## TASK REQUIREMENTS
Of the entries below, return exactly those lines that fall between the one containing "line L15 (0, 103) -> (0, 100)" and the one containing "circle A107 centre (-600, 150) radius 3", the two end lines included.

## DATASET RECORDS
- Opening Delimiter -

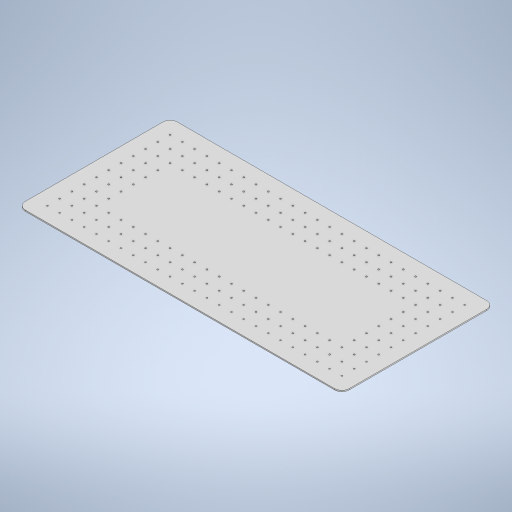
# Autodesk Inventor part: base_plate
Saved by Autodesk Inventor 2024.3 (Build 283343000, 343)
## iProperties
Created: 2025-09-26
Part Number: base_plate
Material: 일반
Document SubType Name: Modeling
Designer: joung
Density: 1 g/cm^3
Appearance: 기본값
Author: joung
Autodesk Inventor part; units mm, degrees
ref_plane "YZ Plane" through (0, 0, 0) normal (1, 0, 0) x (0, 1, 0)
ref_plane "XZ Plane" through (0, 0, 0) normal (0, 1, 0) x (-1, 0, 0)
ref_plane "XY Plane" through (0, 0, 0) normal (0, 0, 1) x (1, 0, 0)
sketch "스케치1" plane through (0, 0, 0) normal (0, 1, 0) x (-1, 0, 0)
  circle A0 centre (0, 0) radius 3
  line L0 (0, 0) -> (-50, 0)
  line L1 (0, 0) -> (0, 50)
  circle A1 centre (-50, 0) radius 3
  circle A2 centre (-100, 0) radius 3
  circle A3 centre (-150, 0) radius 3
  circle A4 centre (-200, 0) radius 3
  circle A5 centre (-250, 0) radius 3
  circle A6 centre (-300, 0) radius 3
  circle A7 centre (-350, 0) radius 3
  circle A8 centre (-400, 0) radius 3
  circle A9 centre (-450, 0) radius 3
  circle A10 centre (-500, 0) radius 3
  circle A11 centre (-550, 0) radius 3
  circle A12 centre (-600, 0) radius 3
  circle A13 centre (-650, 0) radius 3
  circle A14 centre (-700, 0) radius 3
  circle A15 centre (-750, 0) radius 3
  circle A16 centre (-800, 0) radius 3
  circle A17 centre (-850, 0) radius 3
  circle A18 centre (-900, 0) radius 3
  circle A19 centre (-950, 0) radius 3
  circle A20 centre (-1000, 0) radius 3
  circle A21 centre (-1050, 0) radius 3
  circle A22 centre (-1100, 0) radius 3
  circle A23 centre (-1150, 0) radius 3
  circle A24 centre (-1200, 0) radius 3
  circle A25 centre (-1250, 0) radius 3
  circle A26 centre (-1300, 0) radius 3
  line L2 (-1300, 0) -> (-1300, 600)
  line L3 (-1300, 600) -> (0, 600)
  line L4 (-1280, -10) -> (-20, -10)
  line L5 (10, 20) -> (10, 580)
  line L6 (-20, 610) -> (-1280, 610)
  line L7 (-1310, 580) -> (-1310, 20)
  arc A27 (-20, -10) -> (10, 20) centre (-20, 20) ccw
  arc A28 (-1310, 20) -> (-1280, -10) centre (-1280, 20) ccw
  arc A29 (-1280, 610) -> (-1310, 580) centre (-1280, 580) ccw
  arc A30 (10, 580) -> (-20, 610) centre (-20, 580) ccw
  line L8 (0, 600) -> (0, -153)
  line L9 (0, 3) -> (0, 0)
  line L10 (0, 0) -> (-3, 0)
  line L11 (-47, 0) -> (-1300, 0)
  circle A31 centre (-1050, 50) radius 3
  circle A32 centre (-1150, 50) radius 3
  circle A33 centre (-1200, 50) radius 3
  circle A34 centre (-1250, 50) radius 3
  circle A35 centre (-1100, 50) radius 3
  circle A36 centre (-50, 50) radius 3
  circle A37 centre (-950, 50) radius 3
  circle A38 centre (-900, 50) radius 3
  circle A39 centre (-800, 50) radius 3
  circle A40 centre (-750, 50) radius 3
  circle A41 centre (-650, 50) radius 3
  circle A42 centre (-550, 50) radius 3
  circle A43 centre (-200, 50) radius 3
  circle A44 centre (-150, 50) radius 3
  circle A45 centre (-100, 50) radius 3
  circle A46 centre (-700, 50) radius 3
  circle A47 centre (-250, 50) radius 3
  circle A48 centre (-500, 50) radius 3
  circle A49 centre (-300, 50) radius 3
  circle A50 centre (-350, 50) radius 3
  circle A51 centre (-400, 50) radius 3
  circle A52 centre (-450, 50) radius 3
  circle A53 centre (-600, 50) radius 3
  circle A54 centre (-850, 50) radius 3
  circle A55 centre (-1000, 50) radius 3
  circle A56 centre (0, 50) radius 3
  line L12 (0, 50) -> (-3, 50)
  line L13 (0, 53) -> (0, 50)
  circle A57 centre (-1300, 50) radius 3
  circle A58 centre (-1050, 100) radius 3
  circle A59 centre (-1150, 100) radius 3
  circle A60 centre (-1200, 100) radius 3
  circle A61 centre (-1250, 100) radius 3
  circle A62 centre (-1100, 100) radius 3
  circle A63 centre (-50, 100) radius 3
  circle A64 centre (-950, 100) radius 3
  circle A65 centre (-900, 100) radius 3
  circle A66 centre (-800, 100) radius 3
  circle A67 centre (-750, 100) radius 3
  circle A68 centre (-650, 100) radius 3
  circle A69 centre (-550, 100) radius 3
  circle A70 centre (-200, 100) radius 3
  circle A71 centre (-150, 100) radius 3
  circle A72 centre (-100, 100) radius 3
  circle A73 centre (-700, 100) radius 3
  circle A74 centre (-250, 100) radius 3
  circle A75 centre (-500, 100) radius 3
  circle A76 centre (-300, 100) radius 3
  circle A77 centre (-350, 100) radius 3
  circle A78 centre (-400, 100) radius 3
  circle A79 centre (-450, 100) radius 3
  circle A80 centre (-600, 100) radius 3
  circle A81 centre (-850, 100) radius 3
  circle A82 centre (-1000, 100) radius 3
  circle A83 centre (0, 100) radius 3
  line L14 (0, 100) -> (-3, 100)
  line L15 (0, 103) -> (0, 100)
  circle A84 centre (-1300, 100) radius 3
  circle A85 centre (-1050, 150) radius 3
  circle A86 centre (-1150, 150) radius 3
  circle A87 centre (-1200, 150) radius 3
  circle A88 centre (-1250, 150) radius 3
  circle A89 centre (-1100, 150) radius 3
  circle A90 centre (-50, 150) radius 3
  circle A91 centre (-950, 150) radius 3
  circle A92 centre (-900, 150) radius 3
  circle A93 centre (-800, 150) radius 3
  circle A94 centre (-750, 150) radius 3
  circle A95 centre (-650, 150) radius 3
  circle A96 centre (-550, 150) radius 3
  circle A97 centre (-200, 150) radius 3
  circle A98 centre (-150, 150) radius 3
  circle A99 centre (-100, 150) radius 3
  circle A100 centre (-700, 150) radius 3
  circle A101 centre (-250, 150) radius 3
  circle A102 centre (-500, 150) radius 3
  circle A103 centre (-300, 150) radius 3
  circle A104 centre (-350, 150) radius 3
  circle A105 centre (-400, 150) radius 3
  circle A106 centre (-450, 150) radius 3
  circle A107 centre (-600, 150) radius 3
  circle A108 centre (-850, 150) radius 3
  circle A109 centre (-1000, 150) radius 3
  circle A110 centre (0, 150) radius 3
  line L16 (0, 150) -> (-3, 150)
  line L17 (0, 153) -> (0, 150)
  circle A111 centre (-1300, 150) radius 3
  circle A112 centre (-1050, 200) radius 3
  circle A113 centre (-1150, 200) radius 3
  circle A114 centre (-1200, 200) radius 3
  circle A115 centre (-1250, 200) radius 3
  circle A116 centre (-1100, 200) radius 3
  circle A117 centre (-50, 200) radius 3
  circle A118 centre (-950, 200) radius 3
  circle A119 centre (-900, 200) radius 3
  circle A120 centre (-800, 200) radius 3
  circle A121 centre (-750, 200) radius 3
  circle A122 centre (-650, 200) radius 3
  circle A123 centre (-550, 200) radius 3
  circle A124 centre (-200, 200) radius 3
  circle A125 centre (-150, 200) radius 3
  circle A126 centre (-100, 200) radius 3
  circle A127 centre (-700, 200) radius 3
  circle A128 centre (-250, 200) radius 3
  circle A129 centre (-500, 200) radius 3
  circle A130 centre (-300, 200) radius 3
  circle A131 centre (-350, 200) radius 3
  circle A132 centre (-400, 200) radius 3
  circle A133 centre (-450, 200) radius 3
  circle A134 centre (-600, 200) radius 3
  circle A135 centre (-850, 200) radius 3
  circle A136 centre (-1000, 200) radius 3
  circle A137 centre (0, 200) radius 3
  line L18 (0, 200) -> (-3, 200)
  line L19 (0, 203) -> (0, 200)
  circle A138 centre (-1300, 200) radius 3
  circle A139 centre (-1050, 250) radius 3
  circle A140 centre (-1150, 250) radius 3
  circle A141 centre (-1200, 250) radius 3
  circle A142 centre (-1250, 250) radius 3
  circle A143 centre (-1100, 250) radius 3
  circle A144 centre (-50, 250) radius 3
  circle A145 centre (-950, 250) radius 3
  circle A146 centre (-900, 250) radius 3
  circle A147 centre (-800, 250) radius 3
  circle A148 centre (-750, 250) radius 3
  circle A149 centre (-650, 250) radius 3
  circle A150 centre (-550, 250) radius 3
  circle A151 centre (-200, 250) radius 3
  circle A152 centre (-150, 250) radius 3
  circle A153 centre (-100, 250) radius 3
  circle A154 centre (-700, 250) radius 3
  circle A155 centre (-250, 250) radius 3
  circle A156 centre (-500, 250) radius 3
  circle A157 centre (-300, 250) radius 3
  circle A158 centre (-350, 250) radius 3
  circle A159 centre (-400, 250) radius 3
  circle A160 centre (-450, 250) radius 3
  circle A161 centre (-600, 250) radius 3
  circle A162 centre (-850, 250) radius 3
  circle A163 centre (-1000, 250) radius 3
  circle A164 centre (0, 250) radius 3
  line L20 (0, 250) -> (-3, 250)
  line L21 (0, 253) -> (0, 250)
  circle A165 centre (-1300, 250) radius 3
  circle A166 centre (-1050, 300) radius 3
  circle A167 centre (-1150, 300) radius 3
  circle A168 centre (-1200, 300) radius 3
  circle A169 centre (-1250, 300) radius 3
  circle A170 centre (-1100, 300) radius 3
  circle A171 centre (-50, 300) radius 3
  circle A172 centre (-950, 300) radius 3
  circle A173 centre (-900, 300) radius 3
  circle A174 centre (-800, 300) radius 3
  circle A175 centre (-750, 300) radius 3
  circle A176 centre (-650, 300) radius 3
  circle A177 centre (-550, 300) radius 3
  circle A178 centre (-200, 300) radius 3
  circle A179 centre (-150, 300) radius 3
  circle A180 centre (-100, 300) radius 3
  circle A181 centre (-700, 300) radius 3
  circle A182 centre (-250, 300) radius 3
  circle A183 centre (-500, 300) radius 3
  circle A184 centre (-300, 300) radius 3
  circle A185 centre (-350, 300) radius 3
  circle A186 centre (-400, 300) radius 3
  circle A187 centre (-450, 300) radius 3
  circle A188 centre (-600, 300) radius 3
  circle A189 centre (-850, 300) radius 3
  circle A190 centre (-1000, 300) radius 3
  circle A191 centre (0, 300) radius 3
  line L22 (0, 300) -> (-3, 300)
  line L23 (0, 303) -> (0, 300)
  circle A192 centre (-1300, 300) radius 3
  circle A193 centre (-1050, 350) radius 3
  circle A194 centre (-1150, 350) radius 3
  circle A195 centre (-1200, 350) radius 3
  circle A196 centre (-1250, 350) radius 3
  circle A197 centre (-1100, 350) radius 3
  circle A198 centre (-50, 350) radius 3
  circle A199 centre (-950, 350) radius 3
  circle A200 centre (-900, 350) radius 3
  circle A201 centre (-800, 350) radius 3
  circle A202 centre (-750, 350) radius 3
  circle A203 centre (-650, 350) radius 3
  circle A204 centre (-550, 350) radius 3
  circle A205 centre (-200, 350) radius 3
  circle A206 centre (-150, 350) radius 3
  circle A207 centre (-100, 350) radius 3
  circle A208 centre (-700, 350) radius 3
  circle A209 centre (-250, 350) radius 3
  circle A210 centre (-500, 350) radius 3
  circle A211 centre (-300, 350) radius 3
  circle A212 centre (-350, 350) radius 3
  circle A213 centre (-400, 350) radius 3
  circle A214 centre (-450, 350) radius 3
  circle A215 centre (-600, 350) radius 3
  circle A216 centre (-850, 350) radius 3
  circle A217 centre (-1000, 350) radius 3
  circle A218 centre (0, 350) radius 3
  line L24 (0, 350) -> (-3, 350)
  line L25 (0, 353) -> (0, 350)
  circle A219 centre (-1300, 350) radius 3
  circle A220 centre (-1050, 400) radius 3
  circle A221 centre (-1150, 400) radius 3
  circle A222 centre (-1200, 400) radius 3
  circle A223 centre (-1250, 400) radius 3
  circle A224 centre (-1100, 400) radius 3
  circle A225 centre (-50, 400) radius 3
  circle A226 centre (-950, 400) radius 3
  circle A227 centre (-900, 400) radius 3
  circle A228 centre (-800, 400) radius 3
  circle A229 centre (-750, 400) radius 3
  circle A230 centre (-650, 400) radius 3
  circle A231 centre (-550, 400) radius 3
  circle A232 centre (-200, 400) radius 3
  circle A233 centre (-150, 400) radius 3
  circle A234 centre (-100, 400) radius 3
  circle A235 centre (-700, 400) radius 3
  circle A236 centre (-250, 400) radius 3
  circle A237 centre (-500, 400) radius 3
  circle A238 centre (-300, 400) radius 3
  circle A239 centre (-350, 400) radius 3
  circle A240 centre (-400, 400) radius 3
  circle A241 centre (-450, 400) radius 3
  circle A242 centre (-600, 400) radius 3
  circle A243 centre (-850, 400) radius 3
  circle A244 centre (-1000, 400) radius 3
  circle A245 centre (0, 400) radius 3
  line L26 (0, 400) -> (-3, 400)
  line L27 (0, 403) -> (0, 400)
  circle A246 centre (-1300, 400) radius 3
  circle A247 centre (-1050, 450) radius 3
  circle A248 centre (-1150, 450) radius 3
  circle A249 centre (-1200, 450) radius 3
  circle A250 centre (-1250, 450) radius 3
  circle A251 centre (-1100, 450) radius 3
  circle A252 centre (-50, 450) radius 3
  circle A253 centre (-950, 450) radius 3
  circle A254 centre (-900, 450) radius 3
  circle A255 centre (-800, 450) radius 3
  circle A256 centre (-750, 450) radius 3
  circle A257 centre (-650, 450) radius 3
  circle A258 centre (-550, 450) radius 3
  circle A259 centre (-200, 450) radius 3
  circle A260 centre (-150, 450) radius 3
  circle A261 centre (-100, 450) radius 3
  circle A262 centre (-700, 450) radius 3
  circle A263 centre (-250, 450) radius 3
  circle A264 centre (-500, 450) radius 3
  circle A265 centre (-300, 450) radius 3
  circle A266 centre (-350, 450) radius 3
  circle A267 centre (-400, 450) radius 3
  circle A268 centre (-450, 450) radius 3
  circle A269 centre (-600, 450) radius 3
  circle A270 centre (-850, 450) radius 3
  circle A271 centre (-1000, 450) radius 3
  circle A272 centre (0, 450) radius 3
  line L28 (0, 450) -> (-3, 450)
  line L29 (0, 453) -> (0, 450)
  circle A273 centre (-1300, 450) radius 3
  circle A274 centre (-1050, 500) radius 3
  circle A275 centre (-1150, 500) radius 3
  circle A276 centre (-1200, 500) radius 3
  circle A277 centre (-1250, 500) radius 3
  circle A278 centre (-1100, 500) radius 3
  circle A279 centre (-50, 500) radius 3
  circle A280 centre (-950, 500) radius 3
  circle A281 centre (-900, 500) radius 3
  circle A282 centre (-800, 500) radius 3
  circle A283 centre (-750, 500) radius 3
  circle A284 centre (-650, 500) radius 3
  circle A285 centre (-550, 500) radius 3
  circle A286 centre (-200, 500) radius 3
  circle A287 centre (-150, 500) radius 3
  circle A288 centre (-100, 500) radius 3
  circle A289 centre (-700, 500) radius 3
  circle A290 centre (-250, 500) radius 3
  circle A291 centre (-500, 500) radius 3
  circle A292 centre (-300, 500) radius 3
  circle A293 centre (-350, 500) radius 3
  circle A294 centre (-400, 500) radius 3
  circle A295 centre (-450, 500) radius 3
  circle A296 centre (-600, 500) radius 3
  circle A297 centre (-850, 500) radius 3
  circle A298 centre (-1000, 500) radius 3
  circle A299 centre (0, 500) radius 3
  line L30 (0, 500) -> (-3, 500)
  line L31 (0, 503) -> (0, 500)
  circle A300 centre (-1300, 500) radius 3
  circle A301 centre (-1050, 550) radius 3
  circle A302 centre (-1150, 550) radius 3
  circle A303 centre (-1200, 550) radius 3
  circle A304 centre (-1250, 550) radius 3
  circle A305 centre (-1100, 550) radius 3
  circle A306 centre (-50, 550) radius 3
  circle A307 centre (-950, 550) radius 3
  circle A308 centre (-900, 550) radius 3
  circle A309 centre (-800, 550) radius 3
  circle A310 centre (-750, 550) radius 3
  circle A311 centre (-650, 550) radius 3
  circle A312 centre (-550, 550) radius 3
  circle A313 centre (-200, 550) radius 3
  circle A314 centre (-150, 550) radius 3
  circle A315 centre (-100, 550) radius 3
  circle A316 centre (-700, 550) radius 3
  circle A317 centre (-250, 550) radius 3
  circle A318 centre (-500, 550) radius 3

- Closing Delimiter -

## COMPLETED TASK
  line L15 (0, 103) -> (0, 100)
  circle A84 centre (-1300, 100) radius 3
  circle A85 centre (-1050, 150) radius 3
  circle A86 centre (-1150, 150) radius 3
  circle A87 centre (-1200, 150) radius 3
  circle A88 centre (-1250, 150) radius 3
  circle A89 centre (-1100, 150) radius 3
  circle A90 centre (-50, 150) radius 3
  circle A91 centre (-950, 150) radius 3
  circle A92 centre (-900, 150) radius 3
  circle A93 centre (-800, 150) radius 3
  circle A94 centre (-750, 150) radius 3
  circle A95 centre (-650, 150) radius 3
  circle A96 centre (-550, 150) radius 3
  circle A97 centre (-200, 150) radius 3
  circle A98 centre (-150, 150) radius 3
  circle A99 centre (-100, 150) radius 3
  circle A100 centre (-700, 150) radius 3
  circle A101 centre (-250, 150) radius 3
  circle A102 centre (-500, 150) radius 3
  circle A103 centre (-300, 150) radius 3
  circle A104 centre (-350, 150) radius 3
  circle A105 centre (-400, 150) radius 3
  circle A106 centre (-450, 150) radius 3
  circle A107 centre (-600, 150) radius 3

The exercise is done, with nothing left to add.